Do You like book Mr. Lincoln's Army (2015)?

I'd held off on reading Bruce Catton's books for a while, because they're kind of old. I was worried that they'd be dated, compared to newer materials that are available. Now I wonder why I waited so long! Catton won a Pulitzer for a reason, he's a great writer! He conveys the problems of the day really well, and does an excellent job of putting the reader in the mindset of the people who were making the important decisions back in the 1860s. Catton's writing style is compelling and dramatic, without going overboard, and I think he would hold the attention of readers who aren't Civil War buffs, as well as those that are. He also manages to make a sound criticism of McClellan, while also being fairly sympathetic to him. A fine balancing act.
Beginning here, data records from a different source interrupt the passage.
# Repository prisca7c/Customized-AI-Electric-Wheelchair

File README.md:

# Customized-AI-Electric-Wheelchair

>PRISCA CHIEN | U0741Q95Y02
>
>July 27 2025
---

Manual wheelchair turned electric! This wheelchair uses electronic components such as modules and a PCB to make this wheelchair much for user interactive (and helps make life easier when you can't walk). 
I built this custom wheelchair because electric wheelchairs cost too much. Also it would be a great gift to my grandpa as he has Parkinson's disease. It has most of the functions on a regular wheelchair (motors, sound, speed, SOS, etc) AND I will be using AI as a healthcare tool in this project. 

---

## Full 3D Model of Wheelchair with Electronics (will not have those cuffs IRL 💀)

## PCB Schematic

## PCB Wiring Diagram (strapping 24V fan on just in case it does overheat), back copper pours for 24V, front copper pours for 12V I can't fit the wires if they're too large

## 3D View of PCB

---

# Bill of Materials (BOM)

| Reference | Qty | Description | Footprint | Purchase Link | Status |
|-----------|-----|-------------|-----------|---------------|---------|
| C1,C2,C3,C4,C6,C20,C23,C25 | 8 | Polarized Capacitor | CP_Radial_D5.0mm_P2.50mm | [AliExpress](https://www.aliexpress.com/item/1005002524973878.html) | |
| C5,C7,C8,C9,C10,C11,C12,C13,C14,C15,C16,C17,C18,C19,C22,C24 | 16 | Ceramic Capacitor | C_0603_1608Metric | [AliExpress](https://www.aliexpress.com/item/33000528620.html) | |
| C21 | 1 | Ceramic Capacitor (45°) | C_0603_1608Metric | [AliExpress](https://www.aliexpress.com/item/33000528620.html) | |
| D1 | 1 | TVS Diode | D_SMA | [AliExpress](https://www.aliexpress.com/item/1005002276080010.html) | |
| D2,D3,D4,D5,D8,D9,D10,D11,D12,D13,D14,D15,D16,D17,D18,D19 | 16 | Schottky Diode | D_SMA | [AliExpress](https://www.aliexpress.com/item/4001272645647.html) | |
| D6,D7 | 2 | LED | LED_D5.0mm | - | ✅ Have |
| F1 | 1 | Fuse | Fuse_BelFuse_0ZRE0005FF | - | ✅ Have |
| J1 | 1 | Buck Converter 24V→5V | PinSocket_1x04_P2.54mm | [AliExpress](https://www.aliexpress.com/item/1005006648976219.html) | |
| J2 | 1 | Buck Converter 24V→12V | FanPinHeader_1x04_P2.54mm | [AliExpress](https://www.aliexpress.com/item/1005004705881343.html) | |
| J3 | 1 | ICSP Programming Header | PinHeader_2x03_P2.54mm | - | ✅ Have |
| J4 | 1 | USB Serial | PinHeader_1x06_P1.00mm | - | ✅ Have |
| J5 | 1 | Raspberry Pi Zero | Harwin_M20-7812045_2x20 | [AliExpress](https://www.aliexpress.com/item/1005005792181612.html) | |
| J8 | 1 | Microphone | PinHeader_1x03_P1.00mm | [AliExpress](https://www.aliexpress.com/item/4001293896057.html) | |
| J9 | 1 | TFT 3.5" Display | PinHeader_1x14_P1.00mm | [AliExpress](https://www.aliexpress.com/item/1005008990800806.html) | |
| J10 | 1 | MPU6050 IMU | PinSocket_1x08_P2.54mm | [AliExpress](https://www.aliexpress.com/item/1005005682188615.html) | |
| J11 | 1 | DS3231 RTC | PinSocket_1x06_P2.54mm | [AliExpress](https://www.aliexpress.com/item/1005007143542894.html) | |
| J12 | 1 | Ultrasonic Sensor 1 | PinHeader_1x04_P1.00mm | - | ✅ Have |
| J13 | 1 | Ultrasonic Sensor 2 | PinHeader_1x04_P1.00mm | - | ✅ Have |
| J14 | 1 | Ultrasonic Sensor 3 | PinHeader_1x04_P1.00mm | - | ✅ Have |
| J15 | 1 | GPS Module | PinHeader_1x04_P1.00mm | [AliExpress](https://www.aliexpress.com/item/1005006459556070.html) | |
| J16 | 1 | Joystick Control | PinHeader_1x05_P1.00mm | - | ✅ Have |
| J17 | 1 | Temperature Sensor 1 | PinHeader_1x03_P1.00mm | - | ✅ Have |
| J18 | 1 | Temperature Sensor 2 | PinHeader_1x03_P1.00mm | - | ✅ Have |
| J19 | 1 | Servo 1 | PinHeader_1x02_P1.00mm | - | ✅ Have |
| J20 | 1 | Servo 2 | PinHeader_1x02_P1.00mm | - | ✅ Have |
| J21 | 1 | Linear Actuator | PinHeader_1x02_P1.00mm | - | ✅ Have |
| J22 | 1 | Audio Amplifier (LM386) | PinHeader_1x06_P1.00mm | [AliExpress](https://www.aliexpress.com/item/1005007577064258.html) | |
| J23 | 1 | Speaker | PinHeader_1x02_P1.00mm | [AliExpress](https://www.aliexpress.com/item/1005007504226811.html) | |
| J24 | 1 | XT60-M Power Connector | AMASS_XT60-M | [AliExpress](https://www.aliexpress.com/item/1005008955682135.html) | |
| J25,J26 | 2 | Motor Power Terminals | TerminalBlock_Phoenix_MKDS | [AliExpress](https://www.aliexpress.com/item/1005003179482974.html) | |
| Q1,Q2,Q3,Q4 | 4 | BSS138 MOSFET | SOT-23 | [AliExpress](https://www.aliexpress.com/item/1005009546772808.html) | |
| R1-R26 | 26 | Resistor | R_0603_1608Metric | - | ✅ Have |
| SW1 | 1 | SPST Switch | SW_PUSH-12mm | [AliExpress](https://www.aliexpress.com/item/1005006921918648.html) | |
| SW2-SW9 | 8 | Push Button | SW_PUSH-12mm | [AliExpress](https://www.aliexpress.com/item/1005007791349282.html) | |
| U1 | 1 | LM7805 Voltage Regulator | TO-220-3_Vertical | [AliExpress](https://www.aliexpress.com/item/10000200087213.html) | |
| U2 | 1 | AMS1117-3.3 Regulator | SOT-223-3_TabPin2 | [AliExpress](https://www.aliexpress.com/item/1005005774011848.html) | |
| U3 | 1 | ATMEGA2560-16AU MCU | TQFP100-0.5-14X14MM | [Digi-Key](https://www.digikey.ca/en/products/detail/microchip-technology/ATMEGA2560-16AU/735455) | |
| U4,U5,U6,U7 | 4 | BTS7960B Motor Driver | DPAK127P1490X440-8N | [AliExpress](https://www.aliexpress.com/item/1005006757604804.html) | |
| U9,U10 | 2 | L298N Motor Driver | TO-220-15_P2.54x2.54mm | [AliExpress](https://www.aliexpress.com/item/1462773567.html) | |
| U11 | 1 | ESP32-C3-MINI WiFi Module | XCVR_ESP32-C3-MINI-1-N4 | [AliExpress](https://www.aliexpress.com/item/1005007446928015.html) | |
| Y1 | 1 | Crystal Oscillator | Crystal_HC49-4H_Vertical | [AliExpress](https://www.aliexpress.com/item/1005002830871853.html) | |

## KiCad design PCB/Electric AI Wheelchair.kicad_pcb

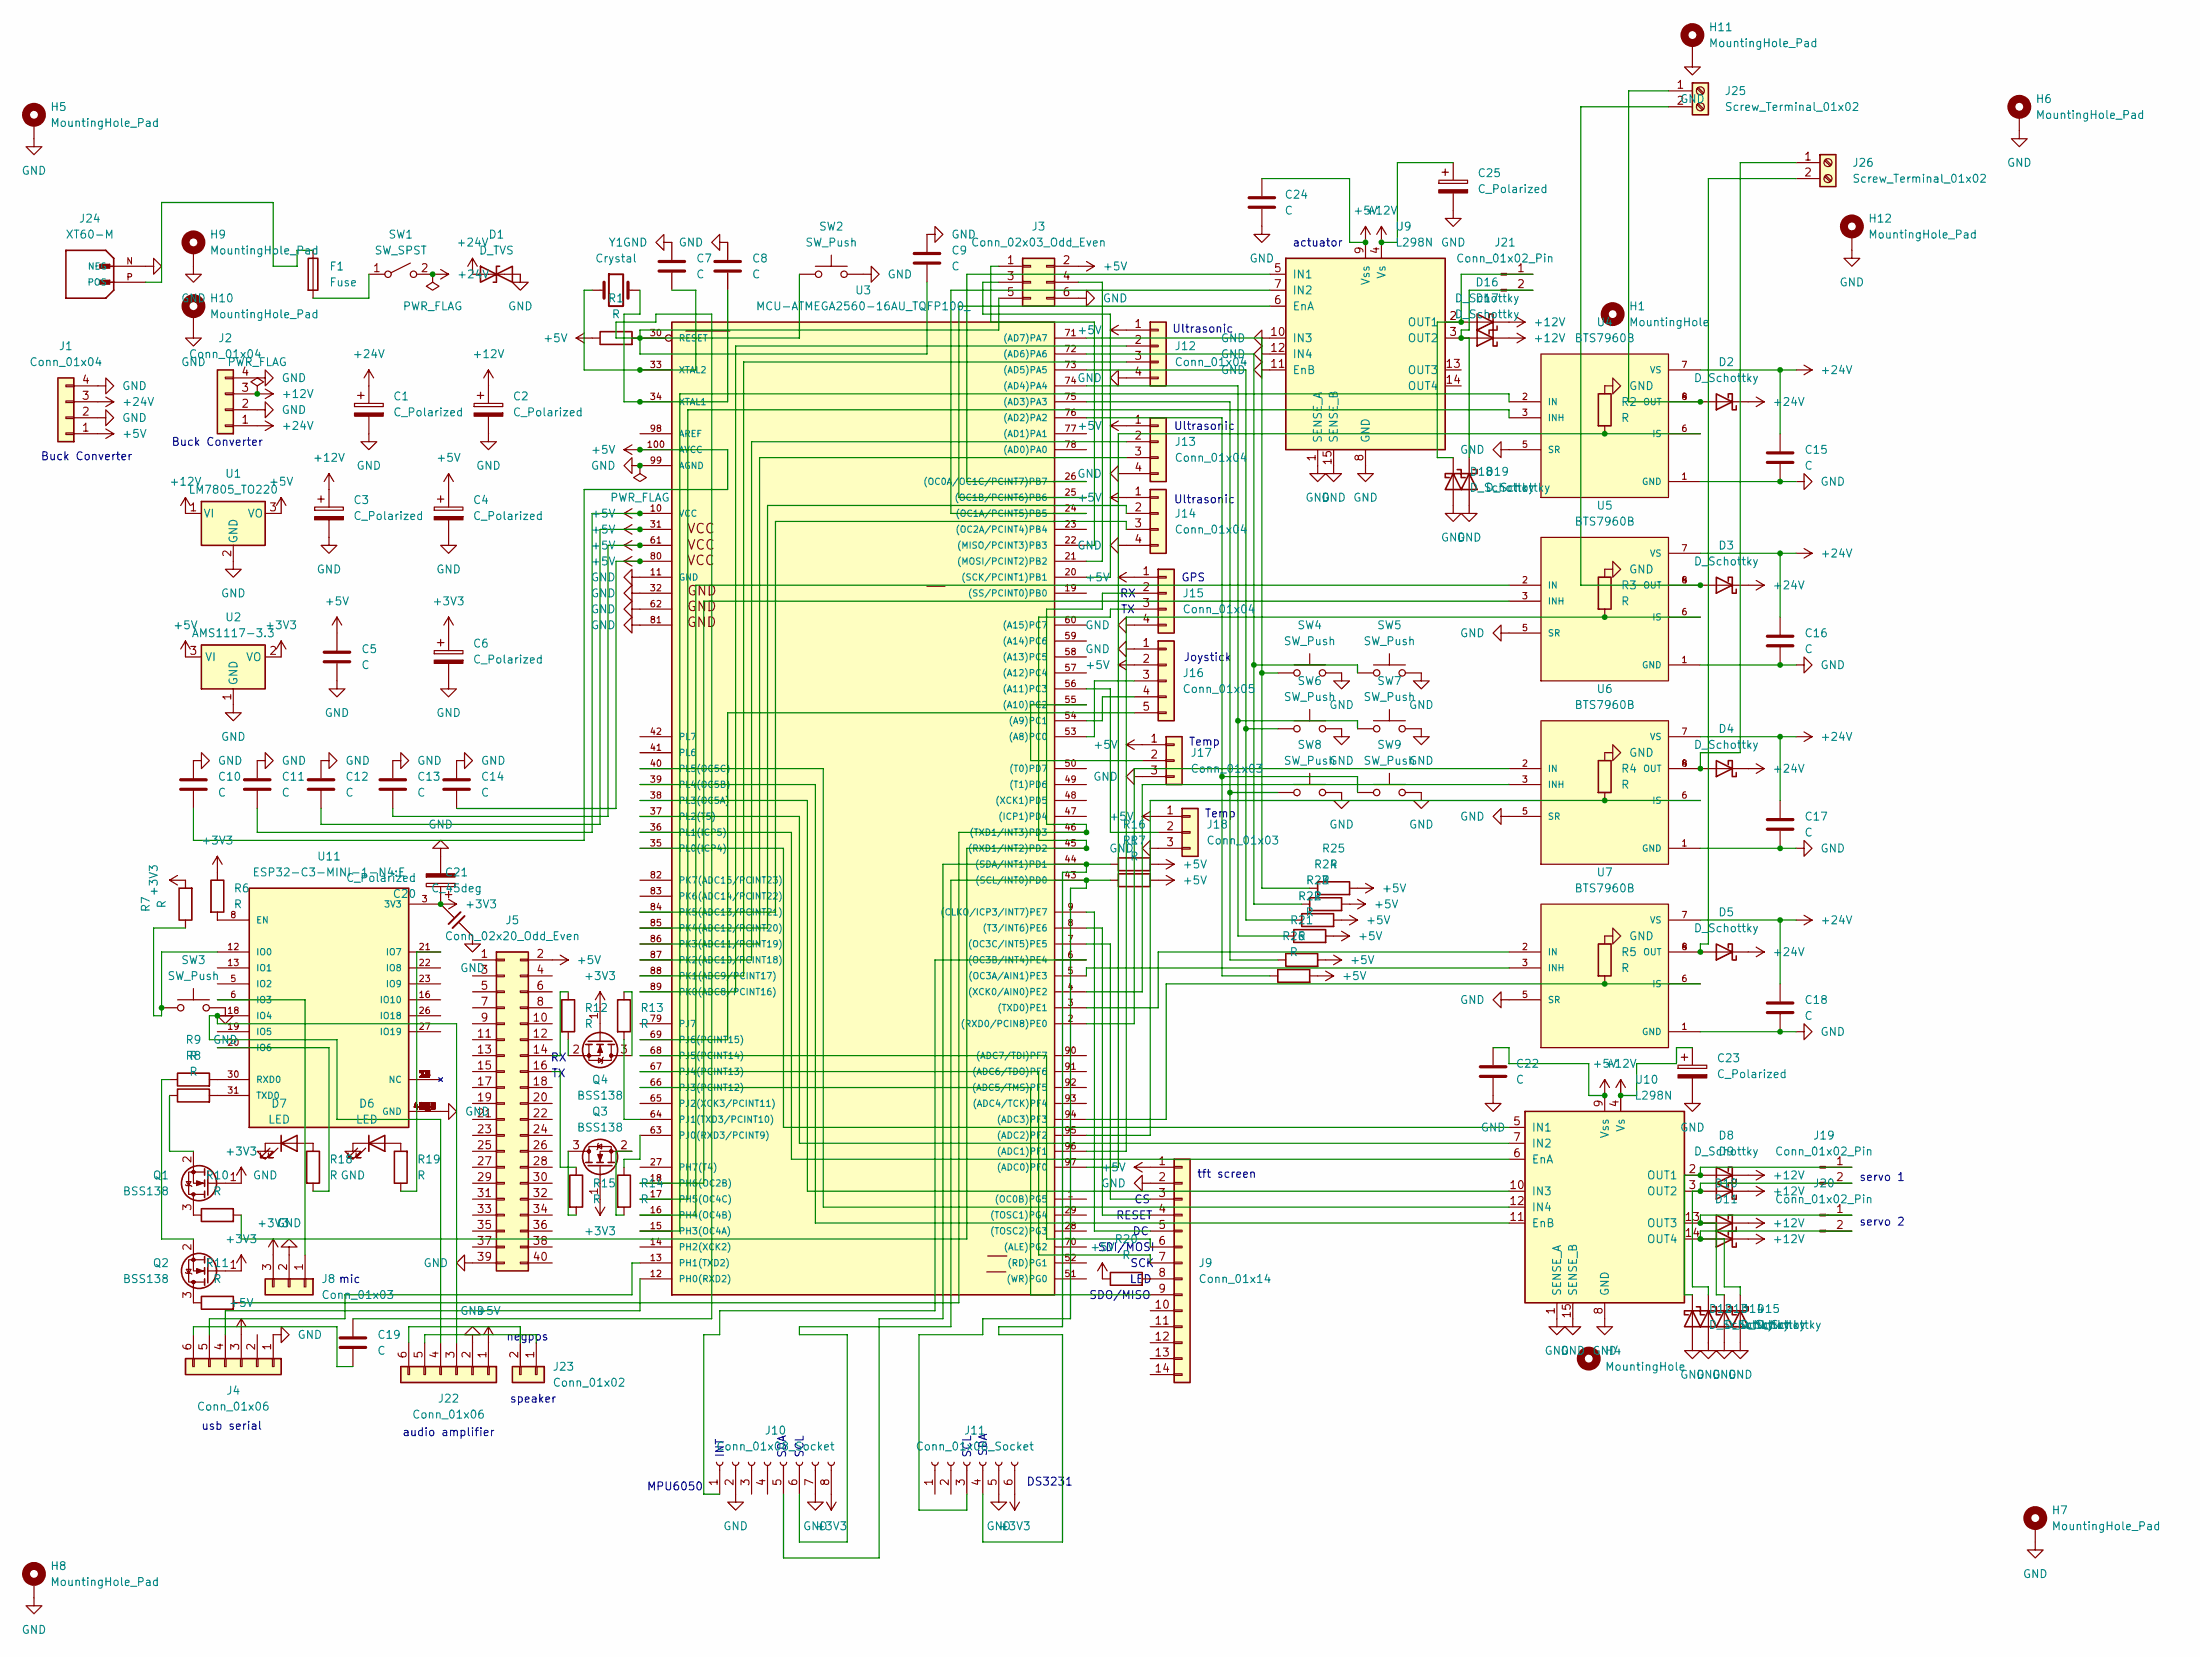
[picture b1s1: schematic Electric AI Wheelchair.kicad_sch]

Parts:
C1, C2, C3, C4, C6, C20, C23, C25: C_Polarized; CP_Radial_D5.0mm_P2.50mm
C5, C7, C8, C9, C10, C11, C12, C13, C14, C15, C16, C17, C18, C19, C22, C24: C; C_0603_1608Metric
C21: C_45deg; C_0603_1608Metric
D1: D_TVS; D_SMA
D2, D3, D4, D5, D8, D9, D10, D11, D12, D13, D14, D15, D16, D17, D18, D19: D_Schottky; D_SMA
D6, D7: LED; LED_D5.0mm
F1: Fuse; Fuse_BelFuse_0ZRE0005FF_L8.3mm_W3.8mm
H1, H4: MountingHole; MountingHole_2.7mm_M2.5
H5, H6, H7, H8: MountingHole_Pad; MountingHole_3.2mm_M3_Pad
H9, H10, H11, H12: MountingHole_Pad; MountingHole_3.2mm_M3_Pad_Via
J1: Conn_01x04; PinSocket_1x04_P2.54mm_Vertical_SMD_Pin1Left
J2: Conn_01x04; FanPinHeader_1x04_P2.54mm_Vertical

It's also nice to read Civil War history from a Northern perspective, as there's still too much Lost Cause and Neo-Lost Cause material out there.
—Andrew

Well i just loved this book, not because it seems to be the definitive work on the civil war, a great bibliography, superb footnotes and fantastic anecdotes, but this kind of stuff is just really fascinating to me. I think for its time (1950's), it is very well researched and just really compacted with relevant data and story lines. Caton follows the Army of the potomac from the end of the first battle at Manasses to the end of Antietem and McClellans end."Antietem was just a disparaging succession of missed opportunities". Catton has a flair for understatement. I did have to read this book with an Atlas, but that's the way it is.I can't wait for Volumes II and III to find out who wins.
—Dan

The rating for this book really doesn't reflect the degree to which I enjoyed reading it. I've read a lot of American Civil War related books and this definitely has something to offer interested readers, but it is also the most unevenly written book I have encountered. The author is particularly skilled -- outstanding even -- at presenting narrative vignettes surrounding historical events, such as battles. Unlike, Stephen Ambrose, for instance, whose work I have read, seemed like a middle schooler during a book report rushing through index cards he had pieced together of bits and pieces of information he had come upon, this author comes close at times to getting his vignette gems to nearly outshine the major events to which they are attached. He's like the best campfire story teller ever in that regard. He falters somewhat when he starts to get philosophical about events and personalities, not always justifying his positions or stating them clearly. In many regards, he is the ultimate Civil War history buff. Extremely well versed (much of this book assumes a certain level of prior knowledge by the reader on the subjects he discusses), he has positions to take, but I don't think he reaches the level of academician in all he proposes. Most odd about the book is the way the author jumps around and about several early battles, Bull Run, Ball's Bluff, the Seven Days, Second Bull Run, without ever going into much, if any, depth, and then, almost out of nowhere, he dives head first into the battle of Antietam, oozing with detail. What made the other battles so insignificant to not deserve more detail? Finally, it should be said that the books title is inappropriate. Very little is discussed about how the Army of the Potomac is "Mr. Lincoln's Army", not to mention the fact that there were multiple Union armies for which Lincoln was Commander in Chief, while this book is all about General McClellan's army, and that's what it should have been called.